Subject: Re: Caracara
Date: Jan 22 21:53:57 1998
From: "Ruth Sullivan" - GODWIT at worldnet.att.net


Ya i hear the news already,this Bird maybe an Escape. i am going anyway
tomorrow and let you know if we found the Caracara.Thank you Eugene on the
dates and the histery behind this Bird. it makes this species even more
attractive to see.
Ruth
GODWIT at worldnet.att.net

----------
> From: Eugene Hunn <hunnhome at accessone.com>
> To: tweeters at u.washington.edu
> Subject: Caracara
> Date: Thursday, January 22, 1998 9:19 PM
>
> Gene Hunn, Seattle, hunnhome at accessone.com
>
> In case you didn't know, there have been at least two previous reports of
> Crested Caracaras in Washington State. The first was relegated to the
> hypothetical list by Jewett et al. in their 1953 Birds of Washington
State:
>
> Caracara Caracara cheriway (Jacquin)
>
> On June 21, 1936, one of these birds was "shot by a rancher at
> Westport, Washington, when it swooped down into his chicken yard, seized
a
> half grown chicken and flew with it to a neighboring tree" (Balmer,
> 1936:54).
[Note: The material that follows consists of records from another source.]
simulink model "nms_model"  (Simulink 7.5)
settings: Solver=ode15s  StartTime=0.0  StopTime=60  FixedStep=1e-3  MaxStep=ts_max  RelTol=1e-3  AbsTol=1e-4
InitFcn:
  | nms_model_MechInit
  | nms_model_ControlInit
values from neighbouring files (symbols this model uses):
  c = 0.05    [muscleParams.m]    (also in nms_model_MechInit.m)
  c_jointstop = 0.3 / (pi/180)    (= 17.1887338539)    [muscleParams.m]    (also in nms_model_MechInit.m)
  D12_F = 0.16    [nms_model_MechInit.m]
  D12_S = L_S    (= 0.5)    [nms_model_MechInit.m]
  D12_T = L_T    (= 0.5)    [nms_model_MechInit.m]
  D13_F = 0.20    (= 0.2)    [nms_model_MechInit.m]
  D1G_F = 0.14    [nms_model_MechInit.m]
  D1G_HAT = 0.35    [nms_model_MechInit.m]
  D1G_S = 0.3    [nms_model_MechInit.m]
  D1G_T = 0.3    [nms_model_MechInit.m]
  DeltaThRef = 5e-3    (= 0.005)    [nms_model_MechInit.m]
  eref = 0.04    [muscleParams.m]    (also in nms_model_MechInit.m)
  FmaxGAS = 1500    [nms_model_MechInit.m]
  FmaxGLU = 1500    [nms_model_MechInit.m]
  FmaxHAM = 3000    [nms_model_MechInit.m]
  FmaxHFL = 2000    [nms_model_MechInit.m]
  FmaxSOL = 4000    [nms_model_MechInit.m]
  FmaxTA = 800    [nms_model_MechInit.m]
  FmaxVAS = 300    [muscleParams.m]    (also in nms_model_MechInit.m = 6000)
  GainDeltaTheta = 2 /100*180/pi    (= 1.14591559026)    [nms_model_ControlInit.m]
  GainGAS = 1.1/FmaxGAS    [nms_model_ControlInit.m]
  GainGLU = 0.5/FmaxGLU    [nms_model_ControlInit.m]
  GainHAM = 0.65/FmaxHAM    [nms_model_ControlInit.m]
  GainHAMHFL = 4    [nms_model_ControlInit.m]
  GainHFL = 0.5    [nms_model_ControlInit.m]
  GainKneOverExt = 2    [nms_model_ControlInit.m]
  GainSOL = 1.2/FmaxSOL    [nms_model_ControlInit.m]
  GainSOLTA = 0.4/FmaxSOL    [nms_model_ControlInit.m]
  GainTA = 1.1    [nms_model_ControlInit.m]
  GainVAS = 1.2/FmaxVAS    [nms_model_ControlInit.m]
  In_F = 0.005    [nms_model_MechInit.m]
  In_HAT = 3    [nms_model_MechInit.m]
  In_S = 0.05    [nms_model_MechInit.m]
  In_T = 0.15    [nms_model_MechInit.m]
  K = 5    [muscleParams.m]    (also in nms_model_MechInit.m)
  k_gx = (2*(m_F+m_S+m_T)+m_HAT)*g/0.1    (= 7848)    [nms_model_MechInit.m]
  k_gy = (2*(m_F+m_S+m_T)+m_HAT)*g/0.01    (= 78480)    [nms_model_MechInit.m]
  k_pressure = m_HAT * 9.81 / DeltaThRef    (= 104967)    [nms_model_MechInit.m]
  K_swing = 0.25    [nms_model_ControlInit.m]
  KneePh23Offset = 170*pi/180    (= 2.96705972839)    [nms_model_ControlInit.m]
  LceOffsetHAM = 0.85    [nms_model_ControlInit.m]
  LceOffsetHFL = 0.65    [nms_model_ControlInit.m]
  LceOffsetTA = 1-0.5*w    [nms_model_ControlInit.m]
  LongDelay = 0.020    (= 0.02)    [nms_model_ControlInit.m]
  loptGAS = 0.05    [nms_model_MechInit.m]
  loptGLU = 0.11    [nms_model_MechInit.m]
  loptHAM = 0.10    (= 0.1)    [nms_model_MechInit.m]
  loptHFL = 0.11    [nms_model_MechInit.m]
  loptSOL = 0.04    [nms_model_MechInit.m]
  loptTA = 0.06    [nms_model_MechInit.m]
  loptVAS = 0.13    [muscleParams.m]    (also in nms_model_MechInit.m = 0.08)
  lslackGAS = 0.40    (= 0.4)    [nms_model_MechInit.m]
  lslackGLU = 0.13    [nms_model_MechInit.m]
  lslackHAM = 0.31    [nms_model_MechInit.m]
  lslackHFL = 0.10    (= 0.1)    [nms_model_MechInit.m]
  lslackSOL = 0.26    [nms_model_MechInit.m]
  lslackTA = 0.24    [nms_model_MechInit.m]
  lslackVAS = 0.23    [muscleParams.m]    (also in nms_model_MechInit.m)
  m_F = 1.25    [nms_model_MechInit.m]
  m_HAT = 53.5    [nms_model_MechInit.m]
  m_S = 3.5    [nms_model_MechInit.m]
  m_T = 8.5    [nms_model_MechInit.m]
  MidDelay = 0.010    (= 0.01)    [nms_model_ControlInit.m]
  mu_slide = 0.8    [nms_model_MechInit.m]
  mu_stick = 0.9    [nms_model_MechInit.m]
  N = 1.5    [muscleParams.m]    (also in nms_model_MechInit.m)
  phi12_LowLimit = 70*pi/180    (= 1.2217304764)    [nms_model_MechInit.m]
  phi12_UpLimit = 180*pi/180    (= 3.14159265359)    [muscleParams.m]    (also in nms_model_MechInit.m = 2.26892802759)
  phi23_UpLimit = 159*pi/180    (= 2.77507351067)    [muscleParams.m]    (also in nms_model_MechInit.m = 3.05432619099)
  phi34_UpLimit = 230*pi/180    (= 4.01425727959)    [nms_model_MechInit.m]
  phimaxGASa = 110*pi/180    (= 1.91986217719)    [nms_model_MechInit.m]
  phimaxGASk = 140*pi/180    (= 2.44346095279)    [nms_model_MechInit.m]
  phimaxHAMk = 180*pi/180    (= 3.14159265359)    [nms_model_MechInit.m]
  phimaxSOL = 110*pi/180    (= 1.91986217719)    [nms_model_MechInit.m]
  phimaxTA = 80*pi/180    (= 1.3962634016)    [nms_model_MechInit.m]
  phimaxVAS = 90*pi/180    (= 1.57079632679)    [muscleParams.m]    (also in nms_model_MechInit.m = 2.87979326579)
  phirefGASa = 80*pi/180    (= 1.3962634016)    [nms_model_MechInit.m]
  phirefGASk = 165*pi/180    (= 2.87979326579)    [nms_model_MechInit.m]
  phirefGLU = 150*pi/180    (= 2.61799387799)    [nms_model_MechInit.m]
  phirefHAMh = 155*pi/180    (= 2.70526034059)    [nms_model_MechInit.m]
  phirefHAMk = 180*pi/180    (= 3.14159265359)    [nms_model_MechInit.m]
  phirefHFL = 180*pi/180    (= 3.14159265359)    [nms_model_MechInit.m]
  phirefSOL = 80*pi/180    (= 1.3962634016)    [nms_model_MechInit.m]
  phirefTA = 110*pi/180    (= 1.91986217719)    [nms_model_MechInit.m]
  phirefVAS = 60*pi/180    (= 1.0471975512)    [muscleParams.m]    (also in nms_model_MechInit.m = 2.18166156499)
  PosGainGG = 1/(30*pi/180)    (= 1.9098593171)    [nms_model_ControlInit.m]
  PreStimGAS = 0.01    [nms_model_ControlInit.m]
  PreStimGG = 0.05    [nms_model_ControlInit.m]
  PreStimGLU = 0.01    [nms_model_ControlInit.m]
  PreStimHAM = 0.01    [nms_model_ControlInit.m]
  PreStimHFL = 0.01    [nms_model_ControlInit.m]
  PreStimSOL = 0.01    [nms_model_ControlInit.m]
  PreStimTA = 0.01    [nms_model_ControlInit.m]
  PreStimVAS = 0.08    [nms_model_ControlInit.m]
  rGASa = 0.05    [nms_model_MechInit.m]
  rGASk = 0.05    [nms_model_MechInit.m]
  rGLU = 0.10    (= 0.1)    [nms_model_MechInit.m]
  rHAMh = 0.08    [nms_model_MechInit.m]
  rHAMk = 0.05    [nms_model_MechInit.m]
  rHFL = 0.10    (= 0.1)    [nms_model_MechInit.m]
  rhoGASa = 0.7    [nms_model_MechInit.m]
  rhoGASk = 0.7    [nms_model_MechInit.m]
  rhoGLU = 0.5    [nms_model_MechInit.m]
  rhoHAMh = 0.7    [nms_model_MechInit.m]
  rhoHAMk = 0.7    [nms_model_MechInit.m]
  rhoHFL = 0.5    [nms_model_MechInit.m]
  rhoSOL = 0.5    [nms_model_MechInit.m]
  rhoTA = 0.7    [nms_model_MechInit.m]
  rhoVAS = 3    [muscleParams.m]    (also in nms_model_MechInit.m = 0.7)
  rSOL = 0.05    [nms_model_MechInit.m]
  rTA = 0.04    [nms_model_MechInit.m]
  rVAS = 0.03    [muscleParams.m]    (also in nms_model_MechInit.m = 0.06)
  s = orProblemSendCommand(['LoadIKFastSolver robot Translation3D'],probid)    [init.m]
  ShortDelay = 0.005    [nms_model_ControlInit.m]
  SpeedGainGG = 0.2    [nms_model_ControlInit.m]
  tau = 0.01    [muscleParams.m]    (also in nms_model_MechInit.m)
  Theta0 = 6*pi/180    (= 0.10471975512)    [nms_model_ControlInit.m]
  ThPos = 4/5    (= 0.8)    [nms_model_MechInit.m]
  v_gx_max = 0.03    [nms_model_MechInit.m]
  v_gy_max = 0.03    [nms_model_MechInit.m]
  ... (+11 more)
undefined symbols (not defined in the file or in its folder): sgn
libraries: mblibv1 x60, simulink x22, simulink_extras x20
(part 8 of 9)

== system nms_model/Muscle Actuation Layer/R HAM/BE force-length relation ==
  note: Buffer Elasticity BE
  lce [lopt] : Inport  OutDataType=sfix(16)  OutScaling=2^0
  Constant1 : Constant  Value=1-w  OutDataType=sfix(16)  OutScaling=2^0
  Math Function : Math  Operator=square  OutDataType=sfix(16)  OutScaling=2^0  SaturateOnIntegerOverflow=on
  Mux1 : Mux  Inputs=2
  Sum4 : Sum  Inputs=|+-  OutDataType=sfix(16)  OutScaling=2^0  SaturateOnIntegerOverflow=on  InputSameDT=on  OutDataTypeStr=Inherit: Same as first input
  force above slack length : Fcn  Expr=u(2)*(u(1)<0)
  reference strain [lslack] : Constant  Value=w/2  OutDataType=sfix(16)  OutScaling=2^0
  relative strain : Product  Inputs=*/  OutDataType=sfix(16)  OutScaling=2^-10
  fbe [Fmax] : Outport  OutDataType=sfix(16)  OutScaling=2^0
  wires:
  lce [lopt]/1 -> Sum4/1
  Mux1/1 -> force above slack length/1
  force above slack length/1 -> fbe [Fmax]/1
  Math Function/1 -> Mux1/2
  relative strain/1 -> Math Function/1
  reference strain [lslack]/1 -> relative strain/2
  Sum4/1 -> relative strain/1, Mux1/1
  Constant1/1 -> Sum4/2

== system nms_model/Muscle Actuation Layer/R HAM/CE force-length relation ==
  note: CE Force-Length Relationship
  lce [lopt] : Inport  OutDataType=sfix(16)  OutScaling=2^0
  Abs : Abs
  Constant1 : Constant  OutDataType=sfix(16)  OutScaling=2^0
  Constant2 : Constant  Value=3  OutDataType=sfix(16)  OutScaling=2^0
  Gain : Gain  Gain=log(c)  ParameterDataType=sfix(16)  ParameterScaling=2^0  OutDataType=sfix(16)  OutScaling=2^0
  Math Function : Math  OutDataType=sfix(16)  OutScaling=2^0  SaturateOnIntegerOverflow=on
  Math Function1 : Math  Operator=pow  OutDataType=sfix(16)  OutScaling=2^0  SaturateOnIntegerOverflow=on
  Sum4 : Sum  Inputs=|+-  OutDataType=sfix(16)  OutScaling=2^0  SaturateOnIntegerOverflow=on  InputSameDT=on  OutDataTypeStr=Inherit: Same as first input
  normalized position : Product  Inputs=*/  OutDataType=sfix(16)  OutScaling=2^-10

The specimen was given to Adam Balmer, who mounted it for his
> collection.
>
> At the time this bird was taken so far from its natural habitat,
> there was much speculation as to how it reached Westport where it was
> killed. The following may or may not be the explanation: Early in July,
> 1936, James Gerow of the U.S. Fish and Wildlife Service told Jewett that
he
> had recently visited a servivce station at Burlington, Multnomah County,
on
> the lower Columbia River in Oregon where he had seen three captive
"Mexican
> Eagles" or caracaras in a large wire cage. In talking to the proprietor
of
> the station, he was informed that he, the proprietor, had recently
received
> four of these birds from "down South," but that one had escaped soon
after
> they were received "about the middle of June." Under the circumstances,
> Jewett believes the bird that Balmer reported was the escaped caracara
from
> Burlington, Oregon. (pg. 672)
>
> The second report was also coastal, a bird photographed at Ocean Shores
> during the late 1970s (if I remember correctly). I have no idea how
> frequently caracaras might be kept in captivity, but it remains probably
the
> most likely explanation for the Neah Bay bird.